▶ _What the exercise asks_: Below is a listing. Write out exactly its lines between the one holding "#65=CARTESIAN_POINT('',(6.76243162854059,-3.05850464600991,0.));" and the one holding "#73=CARTESIAN_POINT('',(6.19997450850061,-3.00026461198174,0.));", inclusive.

▶ _The data_:

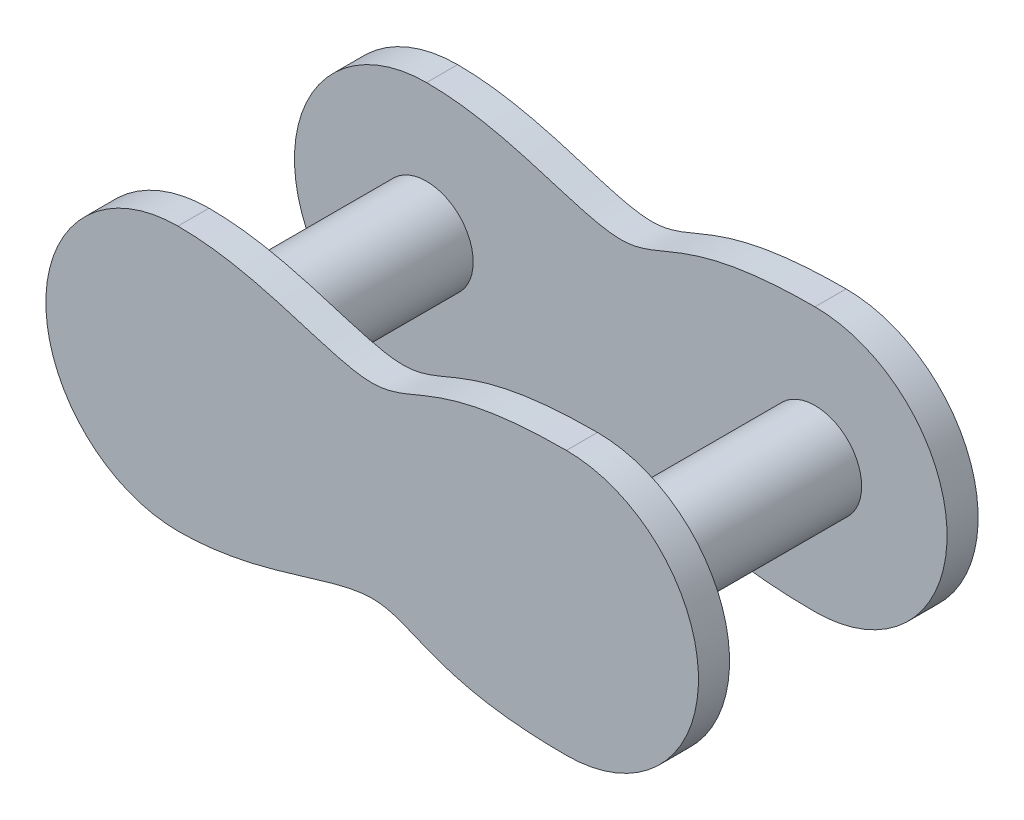
ISO-10303-21;
HEADER;
FILE_DESCRIPTION(('STEP AP214'),'2;1');
FILE_NAME('part.step','',(''),(''),'','','');
FILE_SCHEMA(('AUTOMOTIVE_DESIGN { 1 0 10303 214 1 1 1 1 }'));
ENDSEC;
DATA;
#1=APPLICATION_CONTEXT('core data for automotive mechanical design processes');
#2=APPLICATION_PROTOCOL_DEFINITION('international standard','automotive_design',2000,#1);
#3=PRODUCT_CONTEXT('',#1,'mechanical');
#4=PRODUCT('Part','Part','',(#3));
#5=PRODUCT_RELATED_PRODUCT_CATEGORY('part','',(#4));
#6=PRODUCT_DEFINITION_FORMATION('','',#4);
#7=PRODUCT_DEFINITION_CONTEXT('part definition',#1,'design');
#8=PRODUCT_DEFINITION('design','',#6,#7);
#9=PRODUCT_DEFINITION_SHAPE('','',#8);
#10=(LENGTH_UNIT() NAMED_UNIT(*) SI_UNIT(.MILLI.,.METRE.));
#11=(NAMED_UNIT(*) PLANE_ANGLE_UNIT() SI_UNIT($,.RADIAN.));
#12=(NAMED_UNIT(*) SI_UNIT($,.STERADIAN.) SOLID_ANGLE_UNIT());
#13=UNCERTAINTY_MEASURE_WITH_UNIT(LENGTH_MEASURE(1.E-05),#10,'distance_accuracy_value','');
#14=(GEOMETRIC_REPRESENTATION_CONTEXT(3) GLOBAL_UNCERTAINTY_ASSIGNED_CONTEXT((#13)) GLOBAL_UNIT_ASSIGNED_CONTEXT((#10,
#11,#12)) REPRESENTATION_CONTEXT('',''));
#15=CARTESIAN_POINT('',(0.,0.,0.));
#16=DIRECTION('',(0.,0.,1.));
#17=DIRECTION('',(1.,0.,0.));
#18=AXIS2_PLACEMENT_3D('',#15,#16,#17);
#19=CARTESIAN_POINT('',(0.,-4.25,8.));
#20=CARTESIAN_POINT('',(2.67403160960041,-4.25,8.));
#21=CARTESIAN_POINT('',(7.06388467689667,-1.75,8.));
#22=CARTESIAN_POINT('',(8.19819903660626,-4.25,8.));
#23=CARTESIAN_POINT('',(12.5,-4.25,8.));
#24=B_SPLINE_CURVE_WITH_KNOTS('',3,(#19,#20,#21,#22,#23),.UNSPECIFIED.,.F.,.F.,(4,1,4),(0.,0.5,
1.),.UNSPECIFIED.);
#25=DIRECTION('',(0.,0.,-1.));
#26=VECTOR('',#25,1.);
#27=SURFACE_OF_LINEAR_EXTRUSION('',#24,#26);
#28=CARTESIAN_POINT('',(12.4999999134409,-4.25,0.));
#29=CARTESIAN_POINT('',(12.3636301004462,-4.24999232423825,0.));
#30=CARTESIAN_POINT('',(12.2272536045244,-4.24874330770602,0.));
#31=CARTESIAN_POINT('',(11.9545972369986,-4.24345503165947,0.));
#32=CARTESIAN_POINT('',(11.8183173486259,-4.23941662013621,0.));
#33=CARTESIAN_POINT('',(11.5459929040845,-4.22824694309938,0.));
#34=CARTESIAN_POINT('',(11.4099482465797,-4.2211182159876,0.));
#35=CARTESIAN_POINT('',(11.1382408444646,-4.2034110261862,0.));
#36=CARTESIAN_POINT('',(11.0025778390135,-4.19283662232404,0.));
#37=CARTESIAN_POINT('',(10.7317818628885,-4.16783491533667,0.));
#38=CARTESIAN_POINT('',(10.5966484308667,-4.15341267352068,0.));
#39=CARTESIAN_POINT('',(10.3270644704275,-4.12025685405665,0.));
#40=CARTESIAN_POINT('',(10.1926133348081,-4.10152826025847,0.));
#41=CARTESIAN_POINT('',(9.91644655716306,-4.05796982579086,0.));
#42=CARTESIAN_POINT('',(9.77477735433815,-4.03284208109059,0.));
#43=CARTESIAN_POINT('',(9.49278253628223,-3.97654592078536,0.));
#44=CARTESIAN_POINT('',(9.35245571349389,-3.94538360339747,0.));
#45=CARTESIAN_POINT('',(9.07351017827651,-3.87646780156054,0.));
#46=CARTESIAN_POINT('',(8.93489049860773,-3.83871825243998,0.));
#47=CARTESIAN_POINT('',(8.65966126010502,-3.7563169479562,0.));
#48=CARTESIAN_POINT('',(8.52305239876407,-3.71166285665289,0.));
#49=CARTESIAN_POINT('',(8.31976721985929,-3.63988565210246,0.));
#50=CARTESIAN_POINT('',(8.25223726160284,-3.61514446645072,0.));
#51=CARTESIAN_POINT('',(8.11769943114744,-3.56428039814751,0.));
#52=CARTESIAN_POINT('',(8.05069156181523,-3.53815750791538,0.));
#53=CARTESIAN_POINT('',(7.9170969877143,-3.48486104905996,0.));
#54=CARTESIAN_POINT('',(7.85051028738603,-3.45768746938054,0.));
#55=CARTESIAN_POINT('',(7.71755731244475,-3.40280963379077,0.));
#56=CARTESIAN_POINT('',(7.65119104156175,-3.37510536895352,0.));
#57=CARTESIAN_POINT('',(7.533953601423,-3.32641129546142,0.));
#58=CARTESIAN_POINT('',(7.48310359481398,-3.30537252681239,0.));
#59=CARTESIAN_POINT('',(7.38115902146033,-3.26389939637862,0.));
#60=CARTESIAN_POINT('',(7.33006443542553,-3.24346508321167,0.));
#61=CARTESIAN_POINT('',(7.17612453516542,-3.18391841402637,0.));
#62=CARTESIAN_POINT('',(7.07255627010633,-3.14653293199643,0.));
#63=CARTESIAN_POINT('',(6.91662407182616,-3.098669748005,0.));
#64=CARTESIAN_POINT('',(6.86548106537899,-3.08427574571806,0.));
#65=CARTESIAN_POINT('',(6.76243162854059,-3.05850464600991,0.));
#66=CARTESIAN_POINT('',(6.71052523093053,-3.0471274194407,0.));
#67=CARTESIAN_POINT('',(6.60612900964241,-3.0279013710078,0.));
#68=CARTESIAN_POINT('',(6.55364008057093,-3.02004774675611,0.));
#69=CARTESIAN_POINT('',(6.44823770149158,-3.00812354573468,0.));
#70=CARTESIAN_POINT('',(6.39532432679607,-3.00405231217703,0.));
#71=CARTESIAN_POINT('',(6.30676908464718,-3.00042561992966,0.));
#72=CARTESIAN_POINT('',(6.27116623582179,-2.99982578046064,0.));
#73=CARTESIAN_POINT('',(6.19997450850061,-3.00026461198174,0.));
#74=CARTESIAN_POINT('',(6.16438562935816,-3.00130319512625,0.));
#75=CARTESIAN_POINT('',(6.05758745756266,-3.00652722240742,0.));
#76=CARTESIAN_POINT('',(5.98648115600178,-3.0128249614443,0.));
#77=CARTESIAN_POINT('',(5.84473207278868,-3.0296079687628,0.));
#78=CARTESIAN_POINT('',(5.77408979448801,-3.04009720137977,0.));
#79=CARTESIAN_POINT('',(5.63059627757794,-3.06466016462793,0.));
#80=CARTESIAN_POINT('',(5.55776669158876,-3.07885803338416,0.));
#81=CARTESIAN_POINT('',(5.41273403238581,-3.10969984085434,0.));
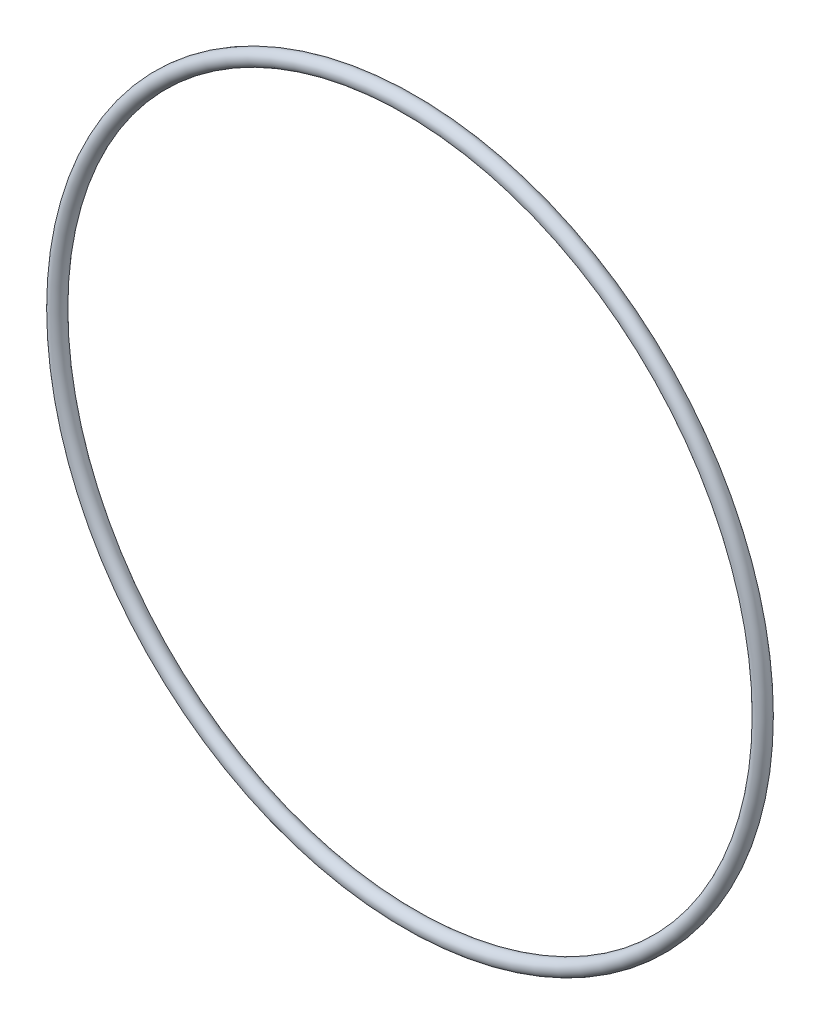
ISO-10303-21;
HEADER;
FILE_DESCRIPTION(('STEP AP214'),'2;1');
FILE_NAME('part.step','',(''),(''),'','','');
FILE_SCHEMA(('AUTOMOTIVE_DESIGN { 1 0 10303 214 1 1 1 1 }'));
ENDSEC;
DATA;
#1=APPLICATION_CONTEXT('core data for automotive mechanical design processes');
#2=APPLICATION_PROTOCOL_DEFINITION('international standard','automotive_design',2000,#1);
#3=PRODUCT_CONTEXT('',#1,'mechanical');
#4=PRODUCT('Part','Part','',(#3));
#5=PRODUCT_RELATED_PRODUCT_CATEGORY('part','',(#4));
#6=PRODUCT_DEFINITION_FORMATION('','',#4);
#7=PRODUCT_DEFINITION_CONTEXT('part definition',#1,'design');
#8=PRODUCT_DEFINITION('design','',#6,#7);
#9=PRODUCT_DEFINITION_SHAPE('','',#8);
#10=(LENGTH_UNIT() NAMED_UNIT(*) SI_UNIT(.MILLI.,.METRE.));
#11=(NAMED_UNIT(*) PLANE_ANGLE_UNIT() SI_UNIT($,.RADIAN.));
#12=(NAMED_UNIT(*) SI_UNIT($,.STERADIAN.) SOLID_ANGLE_UNIT());
#13=UNCERTAINTY_MEASURE_WITH_UNIT(LENGTH_MEASURE(1.E-05),#10,'distance_accuracy_value','');
#14=(GEOMETRIC_REPRESENTATION_CONTEXT(3) GLOBAL_UNCERTAINTY_ASSIGNED_CONTEXT((#13)) GLOBAL_UNIT_ASSIGNED_CONTEXT((#10,
#11,#12)) REPRESENTATION_CONTEXT('',''));
#15=CARTESIAN_POINT('',(0.,0.,0.));
#16=DIRECTION('',(0.,0.,1.));
#17=DIRECTION('',(1.,0.,0.));
#18=AXIS2_PLACEMENT_3D('',#15,#16,#17);
#19=CARTESIAN_POINT('',(0.,0.,0.));
#20=DIRECTION('',(0.,0.,-1.));
#21=DIRECTION('',(-1.,0.,0.));
#22=AXIS2_PLACEMENT_3D('',#19,#20,#21);
#23=TOROIDAL_SURFACE('',#22,61.468,1.30809999999999);
#24=CARTESIAN_POINT('',(-62.7761,0.,0.));
#25=VERTEX_POINT('',#24);
#26=VERTEX_LOOP('',#25);
#27=FACE_BOUND('',#26,.T.);
#28=ADVANCED_FACE('F35',(#27),#23,.T.);
#29=CLOSED_SHELL('',(#28));
#30=MANIFOLD_SOLID_BREP('B2',#29);
#31=ADVANCED_BREP_SHAPE_REPRESENTATION('',(#18,#30),#14);
#32=SHAPE_DEFINITION_REPRESENTATION(#9,#31);
ENDSEC;
END-ISO-10303-21;

▶ _Output_:
#65=CARTESIAN_POINT('',(6.76243162854059,-3.05850464600991,0.));
#66=CARTESIAN_POINT('',(6.71052523093053,-3.0471274194407,0.));
#67=CARTESIAN_POINT('',(6.60612900964241,-3.0279013710078,0.));
#68=CARTESIAN_POINT('',(6.55364008057093,-3.02004774675611,0.));
#69=CARTESIAN_POINT('',(6.44823770149158,-3.00812354573468,0.));
#70=CARTESIAN_POINT('',(6.39532432679607,-3.00405231217703,0.));
#71=CARTESIAN_POINT('',(6.30676908464718,-3.00042561992966,0.));
#72=CARTESIAN_POINT('',(6.27116623582179,-2.99982578046064,0.));
#73=CARTESIAN_POINT('',(6.19997450850061,-3.00026461198174,0.));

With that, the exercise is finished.